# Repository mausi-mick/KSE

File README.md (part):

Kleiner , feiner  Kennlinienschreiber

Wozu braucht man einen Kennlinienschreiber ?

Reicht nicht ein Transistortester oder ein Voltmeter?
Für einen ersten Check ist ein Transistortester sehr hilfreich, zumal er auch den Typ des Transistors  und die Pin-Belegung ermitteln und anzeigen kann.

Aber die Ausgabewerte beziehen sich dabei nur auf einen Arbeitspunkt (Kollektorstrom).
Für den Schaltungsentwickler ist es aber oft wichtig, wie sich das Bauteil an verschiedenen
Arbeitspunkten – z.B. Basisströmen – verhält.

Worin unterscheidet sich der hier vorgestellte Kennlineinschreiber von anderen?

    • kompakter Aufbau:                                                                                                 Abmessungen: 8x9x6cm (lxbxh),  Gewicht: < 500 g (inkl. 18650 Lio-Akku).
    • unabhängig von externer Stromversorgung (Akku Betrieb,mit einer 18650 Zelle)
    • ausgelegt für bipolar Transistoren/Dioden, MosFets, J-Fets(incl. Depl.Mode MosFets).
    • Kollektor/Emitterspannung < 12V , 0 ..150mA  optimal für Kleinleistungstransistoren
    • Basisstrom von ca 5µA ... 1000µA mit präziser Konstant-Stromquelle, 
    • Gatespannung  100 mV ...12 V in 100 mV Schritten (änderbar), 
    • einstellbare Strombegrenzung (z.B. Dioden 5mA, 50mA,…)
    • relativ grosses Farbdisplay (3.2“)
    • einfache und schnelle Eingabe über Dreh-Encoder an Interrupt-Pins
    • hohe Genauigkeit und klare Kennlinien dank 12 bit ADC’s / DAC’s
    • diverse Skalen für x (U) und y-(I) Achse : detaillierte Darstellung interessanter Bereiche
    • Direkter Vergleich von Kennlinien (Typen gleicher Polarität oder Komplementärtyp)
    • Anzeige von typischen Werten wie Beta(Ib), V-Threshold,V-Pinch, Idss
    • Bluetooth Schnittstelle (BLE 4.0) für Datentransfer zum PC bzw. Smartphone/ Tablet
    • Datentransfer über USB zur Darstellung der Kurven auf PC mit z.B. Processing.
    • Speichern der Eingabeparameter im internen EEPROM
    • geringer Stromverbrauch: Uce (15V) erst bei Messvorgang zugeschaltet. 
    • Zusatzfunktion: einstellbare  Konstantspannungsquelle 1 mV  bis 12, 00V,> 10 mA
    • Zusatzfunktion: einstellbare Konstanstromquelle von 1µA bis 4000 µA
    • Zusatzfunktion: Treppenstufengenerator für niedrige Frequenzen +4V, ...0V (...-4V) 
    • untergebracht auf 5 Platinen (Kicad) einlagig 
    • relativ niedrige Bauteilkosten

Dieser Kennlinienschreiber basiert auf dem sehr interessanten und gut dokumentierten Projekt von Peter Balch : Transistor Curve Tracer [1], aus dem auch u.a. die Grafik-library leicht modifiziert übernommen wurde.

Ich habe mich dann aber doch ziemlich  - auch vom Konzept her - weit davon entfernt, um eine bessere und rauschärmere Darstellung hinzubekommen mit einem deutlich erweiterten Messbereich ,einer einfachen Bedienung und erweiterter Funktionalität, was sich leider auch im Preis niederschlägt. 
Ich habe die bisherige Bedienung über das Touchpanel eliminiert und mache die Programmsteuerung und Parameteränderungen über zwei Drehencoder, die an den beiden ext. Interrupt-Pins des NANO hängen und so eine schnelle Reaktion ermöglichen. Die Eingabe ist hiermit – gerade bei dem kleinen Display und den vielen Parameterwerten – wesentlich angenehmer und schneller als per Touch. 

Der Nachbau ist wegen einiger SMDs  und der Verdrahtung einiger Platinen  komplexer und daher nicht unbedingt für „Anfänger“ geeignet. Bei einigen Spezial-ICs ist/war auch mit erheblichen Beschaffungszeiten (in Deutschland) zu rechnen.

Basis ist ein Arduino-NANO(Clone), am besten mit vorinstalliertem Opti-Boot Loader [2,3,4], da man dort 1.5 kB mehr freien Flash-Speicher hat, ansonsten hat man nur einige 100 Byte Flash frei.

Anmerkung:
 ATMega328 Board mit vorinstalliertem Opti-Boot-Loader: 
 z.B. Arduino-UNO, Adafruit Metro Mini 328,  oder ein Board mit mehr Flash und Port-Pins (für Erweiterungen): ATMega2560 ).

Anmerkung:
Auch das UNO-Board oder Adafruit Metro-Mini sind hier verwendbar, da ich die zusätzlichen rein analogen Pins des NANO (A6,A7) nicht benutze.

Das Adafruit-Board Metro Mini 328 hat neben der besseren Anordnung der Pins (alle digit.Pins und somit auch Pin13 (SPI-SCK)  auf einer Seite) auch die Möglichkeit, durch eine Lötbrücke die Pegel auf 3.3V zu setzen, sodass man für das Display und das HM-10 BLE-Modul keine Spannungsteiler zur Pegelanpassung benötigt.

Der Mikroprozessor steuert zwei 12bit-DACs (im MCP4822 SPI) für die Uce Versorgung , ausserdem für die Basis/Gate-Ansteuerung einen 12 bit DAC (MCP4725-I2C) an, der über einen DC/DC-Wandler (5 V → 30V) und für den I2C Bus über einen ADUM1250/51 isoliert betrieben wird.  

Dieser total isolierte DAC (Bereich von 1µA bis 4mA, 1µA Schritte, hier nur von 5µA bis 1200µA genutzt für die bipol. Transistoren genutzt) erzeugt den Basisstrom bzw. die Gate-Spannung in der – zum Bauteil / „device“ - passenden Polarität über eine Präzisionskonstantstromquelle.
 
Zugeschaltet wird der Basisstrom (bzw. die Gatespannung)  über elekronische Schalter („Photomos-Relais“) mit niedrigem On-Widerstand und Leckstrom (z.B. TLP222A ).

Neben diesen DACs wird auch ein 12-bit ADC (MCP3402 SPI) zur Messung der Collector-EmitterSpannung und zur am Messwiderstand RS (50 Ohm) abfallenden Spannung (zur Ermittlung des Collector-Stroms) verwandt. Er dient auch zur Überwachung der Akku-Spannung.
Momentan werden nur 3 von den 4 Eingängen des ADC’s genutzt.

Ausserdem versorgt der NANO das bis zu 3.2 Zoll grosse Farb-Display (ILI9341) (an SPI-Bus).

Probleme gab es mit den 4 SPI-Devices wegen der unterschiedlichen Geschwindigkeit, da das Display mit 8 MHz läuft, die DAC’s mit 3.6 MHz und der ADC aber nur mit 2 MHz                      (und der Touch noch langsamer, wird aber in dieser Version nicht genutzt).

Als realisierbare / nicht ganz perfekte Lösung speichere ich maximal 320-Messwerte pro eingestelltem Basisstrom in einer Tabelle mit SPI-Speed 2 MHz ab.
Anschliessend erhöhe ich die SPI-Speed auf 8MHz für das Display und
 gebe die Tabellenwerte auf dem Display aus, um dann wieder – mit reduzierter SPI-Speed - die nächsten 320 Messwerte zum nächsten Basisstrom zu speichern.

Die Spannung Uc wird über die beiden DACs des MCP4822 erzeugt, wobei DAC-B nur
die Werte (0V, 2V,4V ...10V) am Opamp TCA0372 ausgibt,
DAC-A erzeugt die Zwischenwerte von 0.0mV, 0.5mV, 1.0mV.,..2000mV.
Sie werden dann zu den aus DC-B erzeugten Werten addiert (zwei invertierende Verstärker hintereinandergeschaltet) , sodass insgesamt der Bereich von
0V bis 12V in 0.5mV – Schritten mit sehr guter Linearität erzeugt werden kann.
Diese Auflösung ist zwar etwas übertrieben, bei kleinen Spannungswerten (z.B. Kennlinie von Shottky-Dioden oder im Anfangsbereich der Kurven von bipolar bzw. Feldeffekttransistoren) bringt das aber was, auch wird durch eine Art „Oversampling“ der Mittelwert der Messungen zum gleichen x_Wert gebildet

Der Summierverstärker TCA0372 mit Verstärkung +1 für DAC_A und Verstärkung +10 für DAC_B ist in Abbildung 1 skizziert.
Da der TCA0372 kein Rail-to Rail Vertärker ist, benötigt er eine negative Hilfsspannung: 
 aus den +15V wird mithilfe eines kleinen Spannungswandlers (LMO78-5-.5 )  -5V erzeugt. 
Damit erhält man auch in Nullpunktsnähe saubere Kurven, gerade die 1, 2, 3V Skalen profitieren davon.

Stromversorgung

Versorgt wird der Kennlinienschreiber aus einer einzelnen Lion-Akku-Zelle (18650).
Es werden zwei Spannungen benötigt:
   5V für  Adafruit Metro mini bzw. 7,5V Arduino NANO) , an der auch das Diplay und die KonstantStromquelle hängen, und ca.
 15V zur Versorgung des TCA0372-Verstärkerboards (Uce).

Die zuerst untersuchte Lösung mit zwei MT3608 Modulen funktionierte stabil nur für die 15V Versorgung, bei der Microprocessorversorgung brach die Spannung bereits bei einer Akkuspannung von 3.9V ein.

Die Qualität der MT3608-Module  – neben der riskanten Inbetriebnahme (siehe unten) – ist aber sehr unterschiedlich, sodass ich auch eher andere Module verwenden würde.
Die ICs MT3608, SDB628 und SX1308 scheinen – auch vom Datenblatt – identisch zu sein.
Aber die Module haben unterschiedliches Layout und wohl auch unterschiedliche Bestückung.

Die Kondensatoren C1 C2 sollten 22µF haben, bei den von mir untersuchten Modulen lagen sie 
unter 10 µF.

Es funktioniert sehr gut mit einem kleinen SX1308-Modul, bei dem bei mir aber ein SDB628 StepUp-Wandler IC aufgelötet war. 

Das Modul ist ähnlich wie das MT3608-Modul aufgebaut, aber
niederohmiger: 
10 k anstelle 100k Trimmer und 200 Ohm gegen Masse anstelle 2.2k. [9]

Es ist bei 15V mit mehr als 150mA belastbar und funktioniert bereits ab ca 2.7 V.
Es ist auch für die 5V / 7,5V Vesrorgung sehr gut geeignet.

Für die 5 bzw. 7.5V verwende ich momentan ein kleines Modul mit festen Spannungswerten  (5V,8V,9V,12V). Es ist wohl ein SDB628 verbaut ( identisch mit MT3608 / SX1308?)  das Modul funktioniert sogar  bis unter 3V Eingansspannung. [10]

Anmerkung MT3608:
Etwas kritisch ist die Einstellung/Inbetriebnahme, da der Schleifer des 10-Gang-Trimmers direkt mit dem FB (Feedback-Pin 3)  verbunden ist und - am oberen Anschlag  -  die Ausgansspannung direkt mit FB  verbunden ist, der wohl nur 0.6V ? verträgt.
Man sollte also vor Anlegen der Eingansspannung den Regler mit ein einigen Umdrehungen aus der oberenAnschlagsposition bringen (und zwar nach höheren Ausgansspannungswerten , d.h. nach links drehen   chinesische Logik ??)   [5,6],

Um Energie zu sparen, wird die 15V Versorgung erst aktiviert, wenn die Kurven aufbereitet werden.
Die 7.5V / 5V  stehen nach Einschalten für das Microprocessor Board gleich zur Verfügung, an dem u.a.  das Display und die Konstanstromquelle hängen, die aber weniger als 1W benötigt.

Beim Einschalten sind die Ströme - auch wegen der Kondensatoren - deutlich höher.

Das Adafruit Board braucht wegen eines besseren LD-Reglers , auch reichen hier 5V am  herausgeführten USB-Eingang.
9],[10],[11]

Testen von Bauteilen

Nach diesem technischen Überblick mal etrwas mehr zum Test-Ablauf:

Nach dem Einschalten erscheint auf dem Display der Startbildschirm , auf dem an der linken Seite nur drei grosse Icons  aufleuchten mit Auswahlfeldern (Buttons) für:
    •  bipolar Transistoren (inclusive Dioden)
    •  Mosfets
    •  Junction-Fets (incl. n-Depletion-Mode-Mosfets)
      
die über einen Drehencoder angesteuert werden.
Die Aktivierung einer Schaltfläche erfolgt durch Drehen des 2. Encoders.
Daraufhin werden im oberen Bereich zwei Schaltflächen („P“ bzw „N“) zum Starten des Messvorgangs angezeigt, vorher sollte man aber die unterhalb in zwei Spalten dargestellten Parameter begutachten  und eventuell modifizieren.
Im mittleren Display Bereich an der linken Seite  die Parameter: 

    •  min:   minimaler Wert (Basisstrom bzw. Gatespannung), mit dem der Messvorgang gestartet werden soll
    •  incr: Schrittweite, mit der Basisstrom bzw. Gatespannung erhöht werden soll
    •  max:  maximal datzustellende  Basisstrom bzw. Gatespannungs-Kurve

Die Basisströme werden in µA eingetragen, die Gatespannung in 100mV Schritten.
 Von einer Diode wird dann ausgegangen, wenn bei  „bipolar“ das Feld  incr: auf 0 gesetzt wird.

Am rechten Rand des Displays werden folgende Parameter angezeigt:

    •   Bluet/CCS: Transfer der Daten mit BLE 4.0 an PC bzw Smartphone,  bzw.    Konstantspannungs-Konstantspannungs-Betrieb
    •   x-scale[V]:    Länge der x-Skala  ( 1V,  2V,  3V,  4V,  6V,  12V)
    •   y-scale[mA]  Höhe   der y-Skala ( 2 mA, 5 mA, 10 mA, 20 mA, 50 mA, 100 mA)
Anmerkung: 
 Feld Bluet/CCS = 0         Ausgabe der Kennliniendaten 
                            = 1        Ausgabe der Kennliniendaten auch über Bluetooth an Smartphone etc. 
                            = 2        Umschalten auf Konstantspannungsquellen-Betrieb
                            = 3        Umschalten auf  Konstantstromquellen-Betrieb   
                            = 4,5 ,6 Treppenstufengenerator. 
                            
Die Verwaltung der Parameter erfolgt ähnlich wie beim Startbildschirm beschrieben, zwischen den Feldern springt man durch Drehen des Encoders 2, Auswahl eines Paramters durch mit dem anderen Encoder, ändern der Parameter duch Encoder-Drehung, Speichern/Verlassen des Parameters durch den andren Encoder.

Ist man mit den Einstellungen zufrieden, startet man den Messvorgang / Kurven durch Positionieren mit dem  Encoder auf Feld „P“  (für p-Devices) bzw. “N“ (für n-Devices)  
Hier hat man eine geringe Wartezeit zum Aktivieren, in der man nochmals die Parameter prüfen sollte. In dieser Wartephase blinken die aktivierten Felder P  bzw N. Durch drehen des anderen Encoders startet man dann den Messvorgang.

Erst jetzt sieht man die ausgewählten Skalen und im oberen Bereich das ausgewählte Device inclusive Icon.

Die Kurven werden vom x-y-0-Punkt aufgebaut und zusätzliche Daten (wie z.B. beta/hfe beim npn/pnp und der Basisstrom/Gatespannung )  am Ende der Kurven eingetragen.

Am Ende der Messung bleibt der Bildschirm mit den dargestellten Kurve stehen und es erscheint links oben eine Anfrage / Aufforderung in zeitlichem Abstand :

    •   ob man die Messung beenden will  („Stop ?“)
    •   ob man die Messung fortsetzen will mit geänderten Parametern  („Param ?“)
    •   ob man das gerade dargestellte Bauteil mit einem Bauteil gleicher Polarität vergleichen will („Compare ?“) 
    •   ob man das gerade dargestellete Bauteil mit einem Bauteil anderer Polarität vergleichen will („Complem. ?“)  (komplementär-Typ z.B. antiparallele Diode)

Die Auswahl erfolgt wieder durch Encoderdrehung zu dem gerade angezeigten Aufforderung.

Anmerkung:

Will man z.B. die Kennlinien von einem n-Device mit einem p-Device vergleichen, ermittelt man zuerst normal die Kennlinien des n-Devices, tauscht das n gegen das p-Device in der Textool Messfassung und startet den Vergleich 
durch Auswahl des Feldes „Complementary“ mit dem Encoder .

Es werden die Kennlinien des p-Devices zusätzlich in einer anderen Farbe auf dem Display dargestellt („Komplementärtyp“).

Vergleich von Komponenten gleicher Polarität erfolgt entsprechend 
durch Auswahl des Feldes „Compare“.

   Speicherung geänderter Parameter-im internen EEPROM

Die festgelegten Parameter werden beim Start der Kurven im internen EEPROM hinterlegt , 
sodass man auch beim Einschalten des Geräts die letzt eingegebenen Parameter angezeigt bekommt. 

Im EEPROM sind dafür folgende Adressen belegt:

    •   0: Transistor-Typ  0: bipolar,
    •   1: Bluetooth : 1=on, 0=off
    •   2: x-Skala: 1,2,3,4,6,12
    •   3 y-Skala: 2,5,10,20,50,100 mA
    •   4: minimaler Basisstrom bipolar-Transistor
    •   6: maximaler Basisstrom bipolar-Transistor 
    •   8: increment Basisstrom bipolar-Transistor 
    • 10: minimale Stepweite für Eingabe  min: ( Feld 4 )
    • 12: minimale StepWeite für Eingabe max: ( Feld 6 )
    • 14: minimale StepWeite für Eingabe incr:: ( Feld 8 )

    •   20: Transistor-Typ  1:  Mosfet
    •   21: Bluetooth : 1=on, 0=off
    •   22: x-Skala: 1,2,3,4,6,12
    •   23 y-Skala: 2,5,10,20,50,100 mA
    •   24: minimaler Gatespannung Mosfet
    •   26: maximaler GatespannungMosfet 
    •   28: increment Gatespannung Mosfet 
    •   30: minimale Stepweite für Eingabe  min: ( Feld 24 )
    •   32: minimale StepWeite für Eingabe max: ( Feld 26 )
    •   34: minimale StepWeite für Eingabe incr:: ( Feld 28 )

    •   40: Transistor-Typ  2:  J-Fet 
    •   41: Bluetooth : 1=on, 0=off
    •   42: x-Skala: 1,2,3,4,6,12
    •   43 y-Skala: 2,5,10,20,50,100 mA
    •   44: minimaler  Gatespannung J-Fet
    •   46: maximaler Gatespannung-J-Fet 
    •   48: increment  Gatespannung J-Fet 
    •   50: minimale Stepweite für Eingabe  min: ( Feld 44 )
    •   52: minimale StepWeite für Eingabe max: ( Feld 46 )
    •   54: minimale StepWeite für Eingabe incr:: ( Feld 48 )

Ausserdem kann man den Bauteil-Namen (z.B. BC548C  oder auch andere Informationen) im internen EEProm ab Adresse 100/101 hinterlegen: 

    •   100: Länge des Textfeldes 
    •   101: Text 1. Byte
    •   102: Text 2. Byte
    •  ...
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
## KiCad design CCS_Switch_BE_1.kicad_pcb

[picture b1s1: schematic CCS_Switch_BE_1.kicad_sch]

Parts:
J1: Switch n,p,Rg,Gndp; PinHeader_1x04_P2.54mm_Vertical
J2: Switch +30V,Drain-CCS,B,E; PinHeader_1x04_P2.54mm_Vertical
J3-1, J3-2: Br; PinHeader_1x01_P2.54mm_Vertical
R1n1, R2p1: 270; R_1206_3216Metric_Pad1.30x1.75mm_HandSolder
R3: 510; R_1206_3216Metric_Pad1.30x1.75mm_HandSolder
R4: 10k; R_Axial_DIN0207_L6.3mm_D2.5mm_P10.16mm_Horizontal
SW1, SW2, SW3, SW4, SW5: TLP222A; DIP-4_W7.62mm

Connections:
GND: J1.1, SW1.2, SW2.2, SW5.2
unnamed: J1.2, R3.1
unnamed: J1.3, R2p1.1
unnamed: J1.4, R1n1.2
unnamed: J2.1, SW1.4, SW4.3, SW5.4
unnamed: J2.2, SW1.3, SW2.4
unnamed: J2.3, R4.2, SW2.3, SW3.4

→ **PROBLEM TO SOLVE**
Only the lines from the one holding "R4: 10k; R_Axial_DIN0207_L6.3mm_D2.5mm_P10.16mm_Horizontal" to the end of the entries above belong in the answer, each copied exactly.

→ **ANSWER TO THIS TASK**
R4: 10k; R_Axial_DIN0207_L6.3mm_D2.5mm_P10.16mm_Horizontal
SW1, SW2, SW3, SW4, SW5: TLP222A; DIP-4_W7.62mm

Connections:
GND: J1.1, SW1.2, SW2.2, SW5.2
unnamed: J1.2, R3.1
unnamed: J1.3, R2p1.1
unnamed: J1.4, R1n1.2
unnamed: J2.1, SW1.4, SW4.3, SW5.4
unnamed: J2.2, SW1.3, SW2.4
unnamed: J2.3, R4.2, SW2.3, SW3.4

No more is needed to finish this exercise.